Chef Donolon’s Jubilee Cake (ESO anniversary)
Guess what, it’s my birthday, so I’m gifting you all with a special recipe today (how perfect is it that this year my birthday is on a Friday)! Naturally I’ve got to do what I do every year, and bake myself a cake! Well now, it’s not often you see a fancy cake of such proportions anywhere in Tamriel, but when it’s time to pull out all the stops you can guarantee that Chef Donolon’s recipes have you covered! And of course to mark my reaching a quarter of a century old, nothing less than the classic Jubilee Cake will do. Best of all? It’s gluten free for my coeliac friends!
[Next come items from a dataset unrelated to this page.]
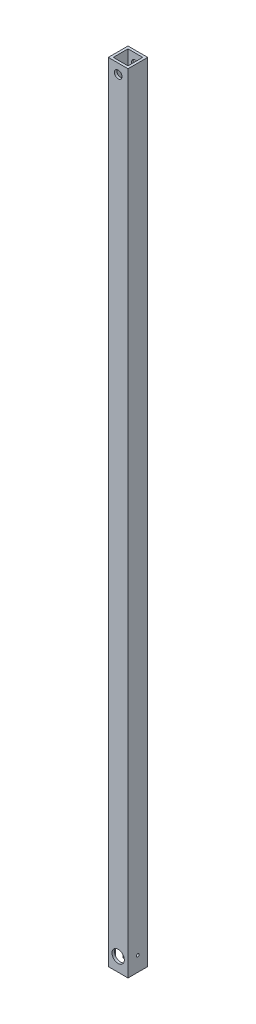
ISO-10303-21;
HEADER;
FILE_DESCRIPTION(('STEP AP214'),'2;1');
FILE_NAME('part.step','',(''),(''),'','','');
FILE_SCHEMA(('AUTOMOTIVE_DESIGN { 1 0 10303 214 1 1 1 1 }'));
ENDSEC;
DATA;
#1=APPLICATION_CONTEXT('core data for automotive mechanical design processes');
#2=APPLICATION_PROTOCOL_DEFINITION('international standard','automotive_design',2000,#1);
#3=PRODUCT_CONTEXT('',#1,'mechanical');
#4=PRODUCT('Part','Part','',(#3));
#5=PRODUCT_RELATED_PRODUCT_CATEGORY('part','',(#4));
#6=PRODUCT_DEFINITION_FORMATION('','',#4);
#7=PRODUCT_DEFINITION_CONTEXT('part definition',#1,'design');
#8=PRODUCT_DEFINITION('design','',#6,#7);
#9=PRODUCT_DEFINITION_SHAPE('','',#8);
#10=(LENGTH_UNIT() NAMED_UNIT(*) SI_UNIT(.MILLI.,.METRE.));
#11=(NAMED_UNIT(*) PLANE_ANGLE_UNIT() SI_UNIT($,.RADIAN.));
#12=(NAMED_UNIT(*) SI_UNIT($,.STERADIAN.) SOLID_ANGLE_UNIT());
#13=UNCERTAINTY_MEASURE_WITH_UNIT(LENGTH_MEASURE(1.E-05),#10,'distance_accuracy_value','');
#14=(GEOMETRIC_REPRESENTATION_CONTEXT(3) GLOBAL_UNCERTAINTY_ASSIGNED_CONTEXT((#13)) GLOBAL_UNIT_ASSIGNED_CONTEXT((#10,
#11,#12)) REPRESENTATION_CONTEXT('',''));
#15=CARTESIAN_POINT('',(0.,0.,0.));
#16=DIRECTION('',(0.,0.,1.));
#17=DIRECTION('',(1.,0.,0.));
#18=AXIS2_PLACEMENT_3D('',#15,#16,#17);
#19=CARTESIAN_POINT('',(0.,508.,0.));
#20=DIRECTION('',(0.,1.,0.));
#21=DIRECTION('',(0.,0.,1.));
#22=AXIS2_PLACEMENT_3D('',#19,#20,#21);
#23=PLANE('',#22);
#24=DIRECTION('',(0.,0.,-1.));
#25=VECTOR('',#24,1.);
#26=CARTESIAN_POINT('',(6.35,508.,-6.35));
#27=LINE('',#26,#25);
#28=CARTESIAN_POINT('',(6.35,508.,6.35));
#29=VERTEX_POINT('',#28);
#30=CARTESIAN_POINT('',(6.35,508.,-6.35));
#31=VERTEX_POINT('',#30);
#32=EDGE_CURVE('E237',#29,#31,#27,.T.);
#33=ORIENTED_EDGE('',*,*,#32,.T.);
#34=DIRECTION('',(-1.,0.,0.));
#35=VECTOR('',#34,1.);
#36=CARTESIAN_POINT('',(-6.35,508.,-6.35));
#37=LINE('',#36,#35);
#38=CARTESIAN_POINT('',(-6.35,508.,-6.35));
#39=VERTEX_POINT('',#38);
#40=EDGE_CURVE('E240',#31,#39,#37,.T.);
#41=ORIENTED_EDGE('',*,*,#40,.T.);
#42=DIRECTION('',(0.,0.,1.));
#43=VECTOR('',#42,1.);
#44=CARTESIAN_POINT('',(-6.35,508.,-6.35));
#45=LINE('',#44,#43);
#46=CARTESIAN_POINT('',(-6.35,508.,6.35));
#47=VERTEX_POINT('',#46);
#48=EDGE_CURVE('E243',#39,#47,#45,.T.);
#49=ORIENTED_EDGE('',*,*,#48,.T.);
#50=DIRECTION('',(1.,0.,0.));
#51=VECTOR('',#50,1.);
#52=CARTESIAN_POINT('',(-6.35,508.,6.35));
#53=LINE('',#52,#51);
#54=EDGE_CURVE('E245',#47,#29,#53,.T.);
#55=ORIENTED_EDGE('',*,*,#54,.T.);
#56=EDGE_LOOP('',(#33,#41,#49,#55));
#57=FACE_BOUND('',#56,.T.);
#58=DIRECTION('',(-1.,0.,0.));
#59=VECTOR('',#58,1.);
#60=CARTESIAN_POINT('',(-6.35,508.,-4.7625));
#61=LINE('',#60,#59);
#62=CARTESIAN_POINT('',(4.7625,508.,-4.7625));
#63=VERTEX_POINT('',#62);
#64=CARTESIAN_POINT('',(-4.7625,508.,-4.7625));
#65=VERTEX_POINT('',#64);
#66=EDGE_CURVE('E210',#63,#65,#61,.T.);
#67=ORIENTED_EDGE('',*,*,#66,.F.);
#68=DIRECTION('',(0.,0.,-1.));
#69=VECTOR('',#68,1.);
#70=CARTESIAN_POINT('',(4.7625,508.,-6.35));
#71=LINE('',#70,#69);
#72=CARTESIAN_POINT('',(4.7625,508.,4.7625));
#73=VERTEX_POINT('',#72);
#74=EDGE_CURVE('E208',#73,#63,#71,.T.);
#75=ORIENTED_EDGE('',*,*,#74,.F.);
#76=DIRECTION('',(1.,0.,0.));
#77=VECTOR('',#76,1.);
#78=CARTESIAN_POINT('',(-6.35,508.,4.7625));
#79=LINE('',#78,#77);
#80=CARTESIAN_POINT('',(-4.7625,508.,4.7625));
#81=VERTEX_POINT('',#80);
#82=EDGE_CURVE('E215',#81,#73,#79,.T.);
#83=ORIENTED_EDGE('',*,*,#82,.F.);
#84=DIRECTION('',(0.,0.,1.));
#85=VECTOR('',#84,1.);
#86=CARTESIAN_POINT('',(-4.7625,508.,-6.35));
#87=LINE('',#86,#85);
#88=EDGE_CURVE('E213',#65,#81,#87,.T.);
#89=ORIENTED_EDGE('',*,*,#88,.F.);
#90=EDGE_LOOP('',(#67,#75,#83,#89));
#91=FACE_BOUND('',#90,.T.);
#92=ADVANCED_FACE('F61',(#57,#91),#23,.T.);
#93=CARTESIAN_POINT('',(0.,0.,0.));
#94=DIRECTION('',(0.,1.,0.));
#95=DIRECTION('',(0.,0.,1.));
#96=AXIS2_PLACEMENT_3D('',#93,#94,#95);
#97=PLANE('',#96);
#98=DIRECTION('',(0.,0.,1.));
#99=VECTOR('',#98,1.);
#100=CARTESIAN_POINT('',(-6.35,0.,-6.35));
#101=LINE('',#100,#99);
#102=CARTESIAN_POINT('',(-6.35,0.,3.175));
#103=VERTEX_POINT('',#102);
#104=CARTESIAN_POINT('',(-6.35,0.,6.35));
#105=VERTEX_POINT('',#104);
#106=EDGE_CURVE('E252',#103,#105,#101,.T.);
#107=ORIENTED_EDGE('',*,*,#106,.F.);
#108=DIRECTION('',(-1.,0.,0.));
#109=VECTOR('',#108,1.);
#110=CARTESIAN_POINT('',(6.351,0.,3.175));
#111=LINE('',#110,#109);
#112=CARTESIAN_POINT('',(-4.7625,0.,3.175));
#113=VERTEX_POINT('',#112);
#114=EDGE_CURVE('E170',#113,#103,#111,.T.);
#115=ORIENTED_EDGE('',*,*,#114,.F.);
#116=DIRECTION('',(0.,0.,1.));
#117=VECTOR('',#116,1.);
#118=CARTESIAN_POINT('',(-4.7625,0.,-6.35));
#119=LINE('',#118,#117);
#120=CARTESIAN_POINT('',(-4.7625,0.,4.7625));
#121=VERTEX_POINT('',#120);
#122=EDGE_CURVE('E174',#113,#121,#119,.T.);
#123=ORIENTED_EDGE('',*,*,#122,.T.);
#124=DIRECTION('',(1.,0.,0.));
#125=VECTOR('',#124,1.);
#126=CARTESIAN_POINT('',(-6.35,0.,4.7625));
#127=LINE('',#126,#125);
#128=CARTESIAN_POINT('',(4.7625,0.,4.7625));
#129=VERTEX_POINT('',#128);
#130=EDGE_CURVE('E211',#121,#129,#127,.T.);
#131=ORIENTED_EDGE('',*,*,#130,.T.);
#132=DIRECTION('',(0.,0.,-1.));
#133=VECTOR('',#132,1.);
#134=CARTESIAN_POINT('',(4.7625,0.,-6.35));
#135=LINE('',#134,#133);
#136=CARTESIAN_POINT('',(4.7625,0.,-4.7625));
#137=VERTEX_POINT('',#136);
#138=EDGE_CURVE('E207',#129,#137,#135,.T.);
#139=ORIENTED_EDGE('',*,*,#138,.T.);
#140=DIRECTION('',(-1.,0.,0.));
#141=VECTOR('',#140,1.);
#142=CARTESIAN_POINT('',(-6.35,0.,-4.7625));
#143=LINE('',#142,#141);
#144=CARTESIAN_POINT('',(-4.7625,0.,-4.7625));
#145=VERTEX_POINT('',#144);
#146=EDGE_CURVE('E220',#137,#145,#143,.T.);
#147=ORIENTED_EDGE('',*,*,#146,.T.);
#148=CARTESIAN_POINT('',(-4.7625,0.,-3.175));
#149=VERTEX_POINT('',#148);
#150=EDGE_CURVE('E223',#145,#149,#119,.T.);
#151=ORIENTED_EDGE('',*,*,#150,.T.);
#152=DIRECTION('',(-1.,0.,0.));
#153=VECTOR('',#152,1.);
#154=CARTESIAN_POINT('',(6.351,0.,-3.175));
#155=LINE('',#154,#153);
#156=CARTESIAN_POINT('',(-6.35,0.,-3.175));
#157=VERTEX_POINT('',#156);
#158=EDGE_CURVE('E77',#149,#157,#155,.T.);
#159=ORIENTED_EDGE('',*,*,#158,.T.);
#160=CARTESIAN_POINT('',(-6.35,0.,-6.35));
#161=VERTEX_POINT('',#160);
#162=EDGE_CURVE('E253',#161,#157,#101,.T.);
#163=ORIENTED_EDGE('',*,*,#162,.F.);
#164=DIRECTION('',(-1.,0.,0.));
#165=VECTOR('',#164,1.);
#166=CARTESIAN_POINT('',(-6.35,0.,-6.35));
#167=LINE('',#166,#165);
#168=CARTESIAN_POINT('',(6.35,0.,-6.35));
#169=VERTEX_POINT('',#168);
#170=EDGE_CURVE('E250',#169,#161,#167,.T.);
#171=ORIENTED_EDGE('',*,*,#170,.F.);
#172=DIRECTION('',(0.,0.,-1.));
#173=VECTOR('',#172,1.);
#174=CARTESIAN_POINT('',(6.35,0.,-6.35));
#175=LINE('',#174,#173);
#176=CARTESIAN_POINT('',(6.35,0.,6.35));
#177=VERTEX_POINT('',#176);
#178=EDGE_CURVE('E236',#177,#169,#175,.T.);
#179=ORIENTED_EDGE('',*,*,#178,.F.);
#180=DIRECTION('',(1.,0.,0.));
#181=VECTOR('',#180,1.);
#182=CARTESIAN_POINT('',(-6.35,0.,6.35));
#183=LINE('',#182,#181);
#184=EDGE_CURVE('E241',#105,#177,#183,.T.);
#185=ORIENTED_EDGE('',*,*,#184,.F.);
#186=EDGE_LOOP('',(#107,#115,#123,#131,#139,#147,#151,#159,#163,#171,#179,#185));
#187=FACE_BOUND('',#186,.T.);
#188=ADVANCED_FACE('F273',(#187),#97,.F.);
#189=CARTESIAN_POINT('',(6.35,508.,-6.35));
#190=DIRECTION('',(-1.,0.,0.));
#191=DIRECTION('',(0.,0.,1.));
#192=AXIS2_PLACEMENT_3D('',#189,#190,#191);
#193=PLANE('',#192);
#194=CARTESIAN_POINT('',(6.35,9.525,0.));
#195=DIRECTION('',(1.,0.,0.));
#196=DIRECTION('',(0.,0.,-1.));
#197=AXIS2_PLACEMENT_3D('',#194,#195,#196);
#198=CIRCLE('',#197,0.889);
#199=CARTESIAN_POINT('',(6.35,9.525,-0.889));
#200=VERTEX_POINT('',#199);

I gained much inspiration in pastry making from the famous book, Donolon Bakes, and this Jubilee Cake is always a guaranteed hit with all folks old and young. Of course, the secret recipe for this lies with the Chef’s Charmed Mixing Bowl, which I don’t have (and neither do you, most likely), so after lots of experimenting I finally came up with what I hope is a passable replica of the real deal! Celebrate my birthday with me and share a slice!
You will need: Cake 100g plain unsweetened cocoa powder 250g fine ground almond meal 300 ml olive oil 250ml hot water 6 eggs 4 tsp vanilla extract 200g caster sugar 1 tsp baking soda Pinch of salt
Frosting 3 cups heavy cream 1 ½ packets (375g) cream cheese, softened 1 cup caster sugar 1 tsp vanilla essence 1 tsp almond essence Sliced almonds Handful of strawberries, halved Handful of blueberries
Method: Preheat your oven to 170C/325F. Grease two medium springform baking tins well with oil.
In a bowl, sift the cocoa powder and add the hot water, until it is a runny liquid. Add the vanilla essence and stir through.
Whisk the eggs, olive oil, and sugar together until the mixture is fluffy, then add the cocoa mixture. Whisk again until throughly blended.
Add the almond meal, salt, and baking soda, and beat it all together until a smooth even batter has formed. Pour the batter half and half into the two tins, and bake for 45 minutes. Leave for 15 minutes and run a knife around the edges of the tin before releasing the cakes. Leave them to cool on a wire rack.
For the icing, use an electric whisk to beat the cream and cream cheese and until mixed through and stiff peaks have formed. Add the sugar, vanilla and almond essences, and whisk until all the ingredients are well combined.
Spread half the frosting on the surface of the first cake, then stack the next cake on top. Cover with the remaining frosting, then decorate generously with almond slices and berries.